A poll ESPNcricinfo ran about whether Virat Kohli's team should travel to the Champions Trophy had over 71% of all respondents (from a total of more than 96,000 at last count) saying they should go, and around 22.5% saying they shouldn't unless they get more money from the ICC. Around 6% were undecided. By no means is this a too-close-to-call response. Seven in ten fans from a robust sample size think India should go to the tournament. Sure, fans may not understand global cricket finance, but they're the ones that generate the green stuff for the BCCI. With their cable-TV-fee-paying pockets, their eyeballs on screens, their presence at grounds everywhere.
They do this for the players and the national team, whose views on the subject will not be known, because, of course, they are not really at liberty to say. No current Indian player or anyone in line for a selection could even exhale around the subject for fear of inviting official censure; of being dunked into oblivion by the BOGOs should they return to full and untrammelled power.
What possible legal position would allow a Supreme Court judge to say that it is only fair that the Indian team does not take part in the Champions Trophy?

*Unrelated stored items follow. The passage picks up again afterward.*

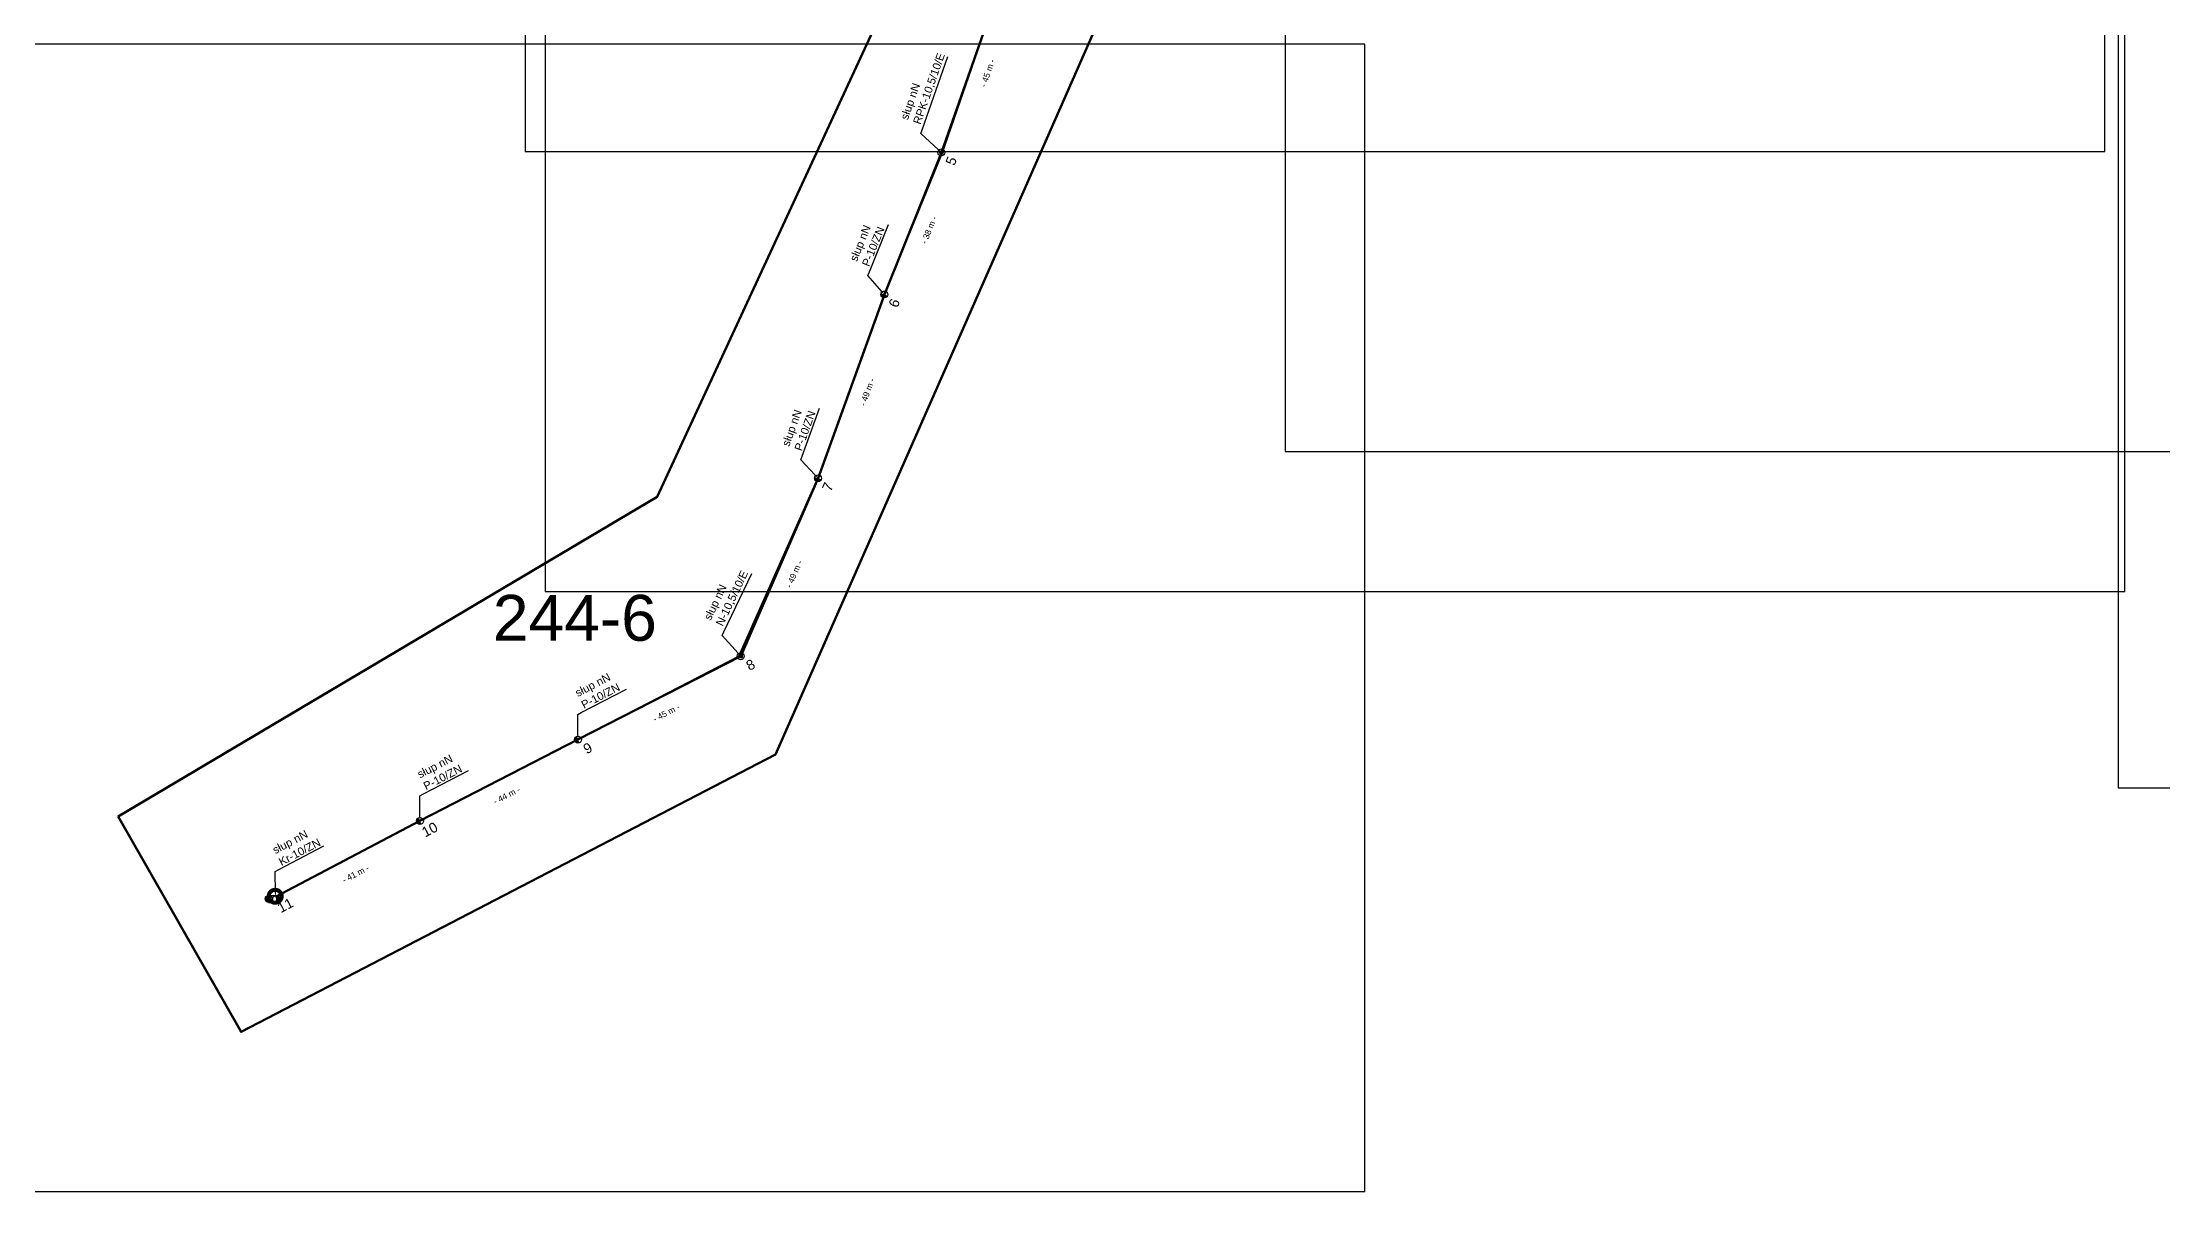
# Model space of a CAD drawing. Header units: metres. Extents: x 7532309 to 7535807, y 5784544 to 5785764.
# Drawn here: x 7534045 to 7534574, y 5784750 to 5785037 of the extents above; entities that cross this region are included whole.
import ezdxf
from ezdxf import colors
from ezdxf.entities.mleader import LeaderData, LeaderLine
from ezdxf.enums import TextEntityAlignment as Align
from ezdxf.math import Vec2, Vec3

# ---------------------------------------------------------------- set-up
doc = ezdxf.new("R2010")
doc.units = ezdxf.units.M
for name, color, linetype, lineweight in [('!tele', 30, 'Continuous', 40), ('!trafo', 6, 'Continuous', 50), ('!trafo_244', 6, 'Continuous', 50)]:
    doc.layers.add(name, color=color, linetype=linetype, lineweight=lineweight)
for name, color, linetype in [('!wymiary', 7, 'Continuous'), ('_MM mufy', 3, 'Continuous'), ('_MM opisy', 7, 'Continuous'), ('_MM slupy', 5, 'Continuous'), ('_numery_05-0244_4', 7, 'Continuous')]:
    doc.layers.add(name, color=color, linetype=linetype)
doc.layers.add('_kontrola_05-0244_4', color=6, linetype='Continuous', lineweight=50, plot=False)
doc.styles.get("Standard").update_dxf_attribs({"font": 'arial.ttf'})
doc.dimstyles.new('opis linie', dxfattribs={"dimtxt": 1.5, "dimasz": 0.18, "dimexe": 0.18, "dimexo": 0.0625, "dimgap": 2.5, "dimtad": 4, "dimdec": 0, "dimzin": 0, "dimdsep": 46, "dimtxsty": 'Standard', "dimcen": 0.09, "dimse1": 1, "dimse2": 1, "dimsd1": 1, "dimsd2": 1, "dimclrt": 256, "dimadec": 0, "dimazin": 0, "dimtfac": 1, "dimtdec": 0, "dimtofl": 0, "dimtmove": 0, "dimatfit": 3, "dimfxl": 1, "dimtfill": 1, "dimtolj": 1, "dimtzin": 0, "dimarcsym": 0})

# ---------------------------------------------------------------- blocks, each defined once
blk = doc.blocks.new('ZN')
at = {"layer": '_MM slupy', "transparency": 33554687}
h = blk.add_hatch(color=256, dxfattribs=at)
h.dxf.hatch_style = 1
h.paths.add_polyline_path([(0, -0.86), (0, 0.86, 1)])
at = {"layer": '_MM slupy'}
blk.add_circle((0, 0), 0.857, dxfattribs=at)
blk = doc.blocks.new('*D18')
at = {"layer": 'Defpoints', "color": 0}
for p in [(7534138.87, 5784842.62), (7534139.34, 5784841.73), (7534102.77, 5784823.69)]:
    blk.add_point(p, dxfattribs=at)
at = {"layer": '!wymiary', "insert": (7534122.8, 5784829.39), "char_height": 1.5, "attachment_point": 5, "rotation": 27.672, "bg_fill": 3, "box_fill_scale": 1.1, "bg_fill_color": 9, "bg_fill_true_color": 13158600, "bg_fill_transparency": 0}
blk.add_mtext('\\A1;- 41 m -', dxfattribs=at)
blk = doc.blocks.new('*D19')
at = {"layer": 'Defpoints', "color": 0}
for p in [(7534178.36, 5784862.96), (7534178.81, 5784862.07), (7534138.87, 5784842.62)]:
    blk.add_point(p, dxfattribs=at)
at = {"layer": '!wymiary', "insert": (7534160.56, 5784849.01), "char_height": 1.5, "attachment_point": 5, "rotation": 27.2511, "bg_fill": 3, "box_fill_scale": 1.1, "bg_fill_color": 9, "bg_fill_true_color": 13158600, "bg_fill_transparency": 0}
blk.add_mtext('\\A1;- 44 m -', dxfattribs=at)
blk = doc.blocks.new('*D20')
at = {"layer": 'Defpoints', "color": 0}
for p in [(7534218.65, 5784883.86), (7534219.11, 5784882.97), (7534178.36, 5784862.96)]:
    blk.add_point(p, dxfattribs=at)
at = {"layer": '!wymiary', "insert": (7534200.46, 5784869.62), "char_height": 1.5, "attachment_point": 5, "rotation": 27.4201, "bg_fill": 3, "box_fill_scale": 1.1, "bg_fill_color": 9, "bg_fill_true_color": 13158600, "bg_fill_transparency": 0}
blk.add_mtext('\\A1;- 45 m -', dxfattribs=at)
blk = doc.blocks.new('*D21')
at = {"layer": 'Defpoints', "color": 0}
for p in [(7534238.37, 5784928.3), (7534239.28, 5784927.89), (7534218.65, 5784883.86)]:
    blk.add_point(p, dxfattribs=at)
at = {"layer": '!wymiary', "insert": (7534232.41, 5784904.35), "char_height": 1.5, "attachment_point": 5, "rotation": 66.0665, "bg_fill": 3, "box_fill_scale": 1.1, "bg_fill_color": 9, "bg_fill_true_color": 13158600, "bg_fill_transparency": 0}
blk.add_mtext('\\A1;- 49 m -', dxfattribs=at)
blk = doc.blocks.new('*D22')
at = {"layer": 'Defpoints', "color": 0}
for p in [(7534254.97, 5784974.23), (7534255.91, 5784973.89), (7534238.37, 5784928.3)]:
    blk.add_point(p, dxfattribs=at)
at = {"layer": '!wymiary', "insert": (7534250.68, 5784949.82), "char_height": 1.5, "attachment_point": 5, "rotation": 70.1304, "bg_fill": 3, "box_fill_scale": 1.1, "bg_fill_color": 9, "bg_fill_true_color": 13158600, "bg_fill_transparency": 0}
blk.add_mtext('\\A1;- 49 m -', dxfattribs=at)
blk = doc.blocks.new('*D23')
at = {"layer": 'Defpoints', "color": 0}
for p in [(7534269.38, 5785009.66), (7534270.31, 5785009.28), (7534254.97, 5784974.23)]:
    blk.add_point(p, dxfattribs=at)
at = {"layer": '!wymiary', "insert": (7534266.13, 5784990.34), "char_height": 1.5, "attachment_point": 5, "rotation": 67.8686, "bg_fill": 3, "box_fill_scale": 1.1, "bg_fill_color": 9, "bg_fill_true_color": 13158600, "bg_fill_transparency": 0}
blk.add_mtext('\\A1;- 38 m -', dxfattribs=at)
blk = doc.blocks.new('*D24')
at = {"layer": 'Defpoints', "color": 0}
for p in [(7534284.14, 5785052.31), (7534285.09, 5785051.98), (7534269.38, 5785009.66)]:
    blk.add_point(p, dxfattribs=at)
at = {"layer": '!wymiary', "insert": (7534280.79, 5785029.59), "char_height": 1.5, "attachment_point": 5, "rotation": 70.909, "bg_fill": 3, "box_fill_scale": 1.1, "bg_fill_color": 9, "bg_fill_true_color": 13158600, "bg_fill_transparency": 0}
blk.add_mtext('\\A1;- 45 m -', dxfattribs=at)
blk = doc.blocks.new('E')
at = {"layer": '_MM slupy'}
h = blk.add_hatch(color=256, dxfattribs=at)
h.dxf.hatch_style = 1
h.paths.add_polyline_path([(0.27, 0.37, 1), (-0.27, -0.37, 1)])
for radius in [0.857, 0.457]:
    blk.add_circle((0, 0), radius, dxfattribs=at)
blk = doc.blocks.new('R')
at = {"layer": '_MM slupy', "transparency": 33554687}
h = blk.add_hatch(color=256, dxfattribs=at)
h.dxf.hatch_style = 1
h.paths.add_polyline_path([(-0.93, -0.86), (-0.93, 0.86, 1)])
h = blk.add_hatch(color=256, dxfattribs=at)
h.dxf.hatch_style = 1
h.paths.add_polyline_path([(0.93, 0.86), (0.93, -0.86, 1)])
at = {"layer": '_MM slupy'}
for points in [[(-0.93, 0.86), (0.93, 0.86)], [(-0.93, -0.86), (0.93, -0.86)]]:
    blk.add_lwpolyline(points, dxfattribs=at)
for centre in [(-0.93, 0), (0.93, 0)]:
    blk.add_circle(centre, 0.857, dxfattribs=at)
blk = doc.blocks.new('mufa')
at = {"layer": '_MM mufy'}
h = blk.add_hatch(color=256, dxfattribs=at)
h.dxf.hatch_style = 1
h.paths.add_polyline_path([(2.15, 0.12, 1), (-2.1, -0.05, 1)])
h.paths.add_polyline_path([(-1.1, -0.01, -1), (1.15, 0.08, -1)], flags=16)
h.paths.add_polyline_path([(-0.83, 0, -1), (0.88, 0.07, -1)], flags=0)
blk = doc.blocks.new('q')
at = {"layer": '_MM slupy'}
blk.add_blockref('ZN', (0, 0), dxfattribs=at)
at = {"layer": '_MM opisy'}
ml = blk.add_multileader_mtext('Standard', dxfattribs=at)
ml.set_content('\\pxql;słup nN\\PP-10/ZN', color=256)
ml.set_leader_properties()
ml.build(insert=Vec2(0, 0))
ml.multileader.update_dxf_attribs({"has_text_frame": 1, "text_left_attachment_type": 5, "text_right_attachment_type": 5, "dogleg_length": 1, "arrow_head_size": 1})
ctx = ml.context
ctx.base_point, ctx.char_height, ctx.arrow_head_size, ctx.landing_gap_size, ctx.plane_origin = Vec3(3.86, 5.63), 2, 1, 1, Vec3(1.72, -1.42)
ctx.left_attachment, ctx.right_attachment = 5, 5
notes = []
notes.append((ctx, [(0, (1, 1, 0), (2.86, 5.63), (1, 0), 1, [(0, [(0, 0)], 0, [])])]))
ctx.mtext.insert, ctx.mtext.flow_direction = Vec3(4.86, 11.44), 5
ctx.mtext.has_bg_fill, ctx.mtext.bg_color, ctx.mtext.bg_scale_factor, ctx.mtext.bg_transparency, ctx.mtext.use_window_bg_color = 1, -1023410175, 1, 0, 1
for ctx, leaders in notes:
    for number, flags, end, landing, length, lines in leaders:
        leader = LeaderData()
        leader.index, (leader.has_last_leader_line, leader.has_dogleg_vector, leader.attachment_direction) = number, flags
        leader.last_leader_point, leader.dogleg_vector, leader.dogleg_length = Vec3(end), Vec3(landing), length
        for number, points, colour, breaks in lines:
            line = LeaderLine()
            line.index, line.vertices, line.color, line.breaks = number, Vec3.list(points), colors.encode_raw_color(colour), breaks
            leader.lines.append(line)
        ctx.leaders.append(leader)

msp = doc.modelspace()

# ---------------------------------------------------------------- linework, layer by layer
at = {"layer": '!tele'}
msp.add_lwpolyline([(7534102.77, 5784823.69), (7534138.87, 5784842.62), (7534178.36, 5784862.96), (7534218.65, 5784883.86), (7534238.37, 5784928.3), (7534254.97, 5784974.23), (7534269.38, 5785009.66), (7534284.14, 5785052.31), (7534291.67, 5785091.77), (7534302.12, 5785135.44), (7534314.31, 5785182.63)], dxfattribs=at)
at = {"layer": '!trafo_244'}
msp.add_lwpolyline([(7534063.44, 5784843.77), (7534094.16, 5784789.89), (7534227.75, 5784859.2), (7534309.11, 5785044.02), (7534338.24, 5785149.48), (7534627.47, 5785028.46), (7534635.59, 5785064.87), (7534351.5, 5785192.14), (7534404.24, 5785396.9), (7534370.65, 5785405.69), (7534322.94, 5785205.43), (7534243.84, 5785250.63), (7534128.64, 5785253.14), (7533922.74, 5785319.06), (7533902.33, 5785266.32), (7534062.41, 5785231.48), (7534040.13, 5785189.74), (7534089.41, 5785176.55), (7534098.2, 5785220.18), (7534286.53, 5785174.36), (7534272.53, 5785084.36), (7534198.2, 5784923.65)], close=True, dxfattribs=at)
at = {"layer": 'Defpoints', "color": 4}
for points in [[(7534355.17, 5784934.97), (7534750.02, 5784934.97), (7534750.02, 5785221.83), (7534355.17, 5785221.83)], [(7534563.37, 5784850.92), (7534958.22, 5784850.92), (7534958.22, 5785137.78), (7534563.37, 5785137.78)]]:
    msp.add_lwpolyline(points, close=True, dxfattribs=at)

# ---------------------------------------------------------------- texts
msp.add_text('244-6', height=11.474, dxfattribs=at).set_placement((7534177.6, 5784893.4), align=Align.MIDDLE_CENTER)

# ---------------------------------------------------------------- next in the draw order: block references
for p, rotation in [((7534254.97, 5784974.23), 67.86864774426016), ((7534238.37, 5784928.3), 70.13044260124359), ((7534178.36, 5784862.96), 27.42014947316276), ((7534138.87, 5784842.62), 27.25105373977662)]:
    msp.add_blockref('q', p, dxfattribs=dict(rotation=rotation))

# ---------------------------------------------------------------- next in the draw order: dimensions: what is measured, and where the dimension line sits
at = {"layer": '!wymiary'}
dim = msp.add_aligned_dim(p1=(7534102.77, 5784823.69), p2=(7534138.87, 5784842.62), distance=-1, dimstyle='opis linie', override={"dimpost": '- <> m -'}, dxfattribs=at)
dim.commit()
dim.dimension.update_dxf_attribs({"geometry": '*D18', "text_midpoint": (7534122.8, 5784829.39)})

# ---------------------------------------------------------------- next in the draw order: dimensions: what is measured, and where the dimension line sits
dim = msp.add_aligned_dim(p1=(7534138.87, 5784842.62), p2=(7534178.36, 5784862.96), distance=-1, dimstyle='opis linie', override={"dimpost": '- <> m -'}, dxfattribs=at)
dim.commit()
dim.dimension.update_dxf_attribs({"geometry": '*D19', "text_midpoint": (7534160.56, 5784849.01)})

# ---------------------------------------------------------------- next in the draw order: leaders
at = {"layer": '_MM opisy'}
ml = msp.add_multileader_mtext('Standard', dxfattribs=at)
ml.set_content('\\pxql;słup nN\\PKr-10/ZN', color=256)
ml.set_leader_properties()
ml.build(insert=Vec2(0, 0))
ml.multileader.update_dxf_attribs({"has_text_frame": 1, "text_left_attachment_type": 5, "text_right_attachment_type": 5, "dogleg_length": 1, "arrow_head_size": 1})
ctx = ml.context
ctx.base_point, ctx.char_height, ctx.arrow_head_size, ctx.landing_gap_size, ctx.plane_origin, ctx.plane_x_axis, ctx.plane_y_axis = Vec3(7534103.57, 5784830.47), 2, 1, 1, Vec3(7534104.95, 5784823.23), Vec3(0.885621, 0.464409), Vec3(-0.464409, 0.885621)
ctx.left_attachment, ctx.right_attachment = 5, 5
notes = []
notes.append((ctx, [(0, (1, 1, 0), (7534102.69, 5784830.01), (0.885621, 0.464409), 1, [(0, [(7534102.77, 5784823.69)], 0, [])])]))
ctx.mtext.insert, ctx.mtext.text_direction, ctx.mtext.flow_direction = Vec3(7534101.77, 5784836.07), Vec3(0.885621, 0.464409), 5
ctx.mtext.has_bg_fill, ctx.mtext.bg_color, ctx.mtext.bg_scale_factor, ctx.mtext.bg_transparency, ctx.mtext.use_window_bg_color = 1, -1023410175, 1, 0, 1
for ctx, leaders in notes:
    for number, flags, end, landing, length, lines in leaders:
        leader = LeaderData()
        leader.index, (leader.has_last_leader_line, leader.has_dogleg_vector, leader.attachment_direction) = number, flags
        leader.last_leader_point, leader.dogleg_vector, leader.dogleg_length = Vec3(end), Vec3(landing), length
        for number, points, colour, breaks in lines:
            line = LeaderLine()
            line.index, line.vertices, line.color, line.breaks = number, Vec3.list(points), colors.encode_raw_color(colour), breaks
            leader.lines.append(line)
        ctx.leaders.append(leader)

# ---------------------------------------------------------------- next in the draw order: linework, layer by layer
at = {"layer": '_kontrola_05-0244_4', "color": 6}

Many respected former players are within the BCCI's ecosystem, and to get their opinion on the topic meant stripping it down to its essentials. We asked them a simple question, to be answered with a yes or no. Knowing what you do of the circumstances, should India play in the Champions Trophy? No quotes or statements or riders required. Yes or no. Twelve said yes and were ready to have their names listed with the ayes, a 13th said yes too but didn't want his name revealed. This doesn't mean there aren't any who think the Indian team shouldn't go, but it's safe to say it will be no worse than a rough 70-30 split here as well.
That's two very, very important stakeholders who think India should go to the Champions Trophy. Without either of those two - the fans and the players - all this Indian cricket cash that chests are thumped over regularly would not exist.
Of course there is also the strong possibility that the BOGOs sense this completely. Eventually they have the interests of Indian cricket at heart and all they want is to be listened to at the ICC. Listened to, as against being shouted down at the voting table - like they themselves were wont to shout down opposition until last month, when the tables turned with astonishing speed, for the first time, it must be said, in at least a quarter of a century.
The simmering pulao has also offered us a new whiff: of the ICC's official broadcaster reportedly going to the world body to express concern over the possible effects of an India withdrawal on its finances, and the nervousness of the sponsors about such a prospect. The fact that the same broadcaster owns the rights to Indian cricket as well could be the answer to the Indian fan's prayers. Surely the broadcaster will be able to arrive at a rapprochement between the ICC and the BOGOs over the Champions Trophy. As every broadcaster's Yoda says: page same stay on, people.
The emails flying between the BOGOs and the COA indicate, however, that there is no love in the air. So, let's go with the worst-case scenario. What if the SGM returns with an announcement that the only way for the BOGOs to go is to fling the ICC's Members Participation Agreement in its face and flounce off to wherever it is they flounce off to?
Then there is a very good chance that the COA will go to the Supreme Court and indicate to the good judges that the cricket team is being prevented from defending their Champions Trophy title. What possible legal position would allow a Supreme Court judge to say that it is only fair that the Indian team does not take part in the Champions Trophy? That it is absolutely right and legal to have the Indian cricket team used as a bargaining chip in a financial negotiation?
Imagine a bunch of reasonably paid teachers, angry that their school has not increased their wages by a certain percentage. They are not willing to negotiate with the school board. Instead, they kidnap their class.